Specifically, the American Society of Clinical Oncology (ASCO) has developed a real-world oncology RLS
known as CancerLinQ. CancerLinQ is being implemented in 15 vanguard practices over the next year, and the
approach to patient notification/consent and data governance in this system is actively evolving. We propose
an empirical investigation with two distinct approaches and aims, in collaboration with ASCO and its vanguard
practices. First, we will use a deliberative democracy approach to determine the range of informed and
considered individual and group opinions and recommendations of cancer patients on the optimal approach for
obtaining consent and appropriate uses of information routinely collected in the course of medical care as part
of a RLS that seeks to improve quality and advance research. Second, following CancerLinQ roll-out, we will
survey patients experiencing the real-world implementation of this RLS in order to evaluate their knowledge
and perceptions of that system.
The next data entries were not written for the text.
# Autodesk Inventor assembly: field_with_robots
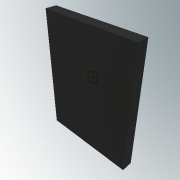
[picture p0: Inventor's stored thumbnail of the model, 180x180]
Saved by Autodesk Inventor 2020 (Build 240168000, 168)
## iProperties
Created: 2024-02-27
Part Number: field_with_robots
Document SubType Name: Assembly
Designer: 4s
Author: 4s
## Documents named in this file (3)
- C:\Users\4s\Documents\Inventor models\Asterisk\robot_v2\field_with_robots.iam
- C:\Users\4s\Documents\Inventor models\Asterisk\field.ipt
- C:\Users\4s\Documents\Inventor models\Asterisk\robot_v2\main2.iam
## Components (3 placed, 2 different names)
1. field:1 — Заподлицо:1, Совмещение:1, Заподлицо:2, Совмещение:2, Совмещение:3, Совмещение:4, Угол:1
2. main2:1 [sub-assembly] — Совмещение:3, Угол:2
3. main2:2 [sub-assembly] — Совмещение:4, Угол:1
## Relationships (8: Mate 4, Flush 2, Angle 2)
- Заподлицо:1 [Flush]: field:1
- Совмещение:1 [Mate]: field:1
- Заподлицо:2 [Flush]: field:1
- Совмещение:2 [Mate]: field:1
- Совмещение:3 [Mate] (9 mm): field:1 ↔ main2:1
- Совмещение:4 [Mate] (9 mm): field:1 ↔ main2:2
- Угол:1 [Angle] (70 deg): field:1 ↔ main2:2
- Угол:2 [Angle] (180 deg): main2:1

Conducting the proposed work in parallel with the development of a real-world
RLS provides an opportunity to directly inform the development and implementation of a national learning
system that will ultimately impact tens of thousands of patients, and it also allows for the consideration of real-
life rather than purely hypothetical scenarios in ways that increase the likelihood that these investigations will
yield insights that are directly applicable in other settings. The findings will have substantial relevance to the
research mission of the NCI, as oncology learning systems are fundamentally altering the context for research
across the spectrum of cancer causation, diagnosis, prevention, treatment, and survivorship care.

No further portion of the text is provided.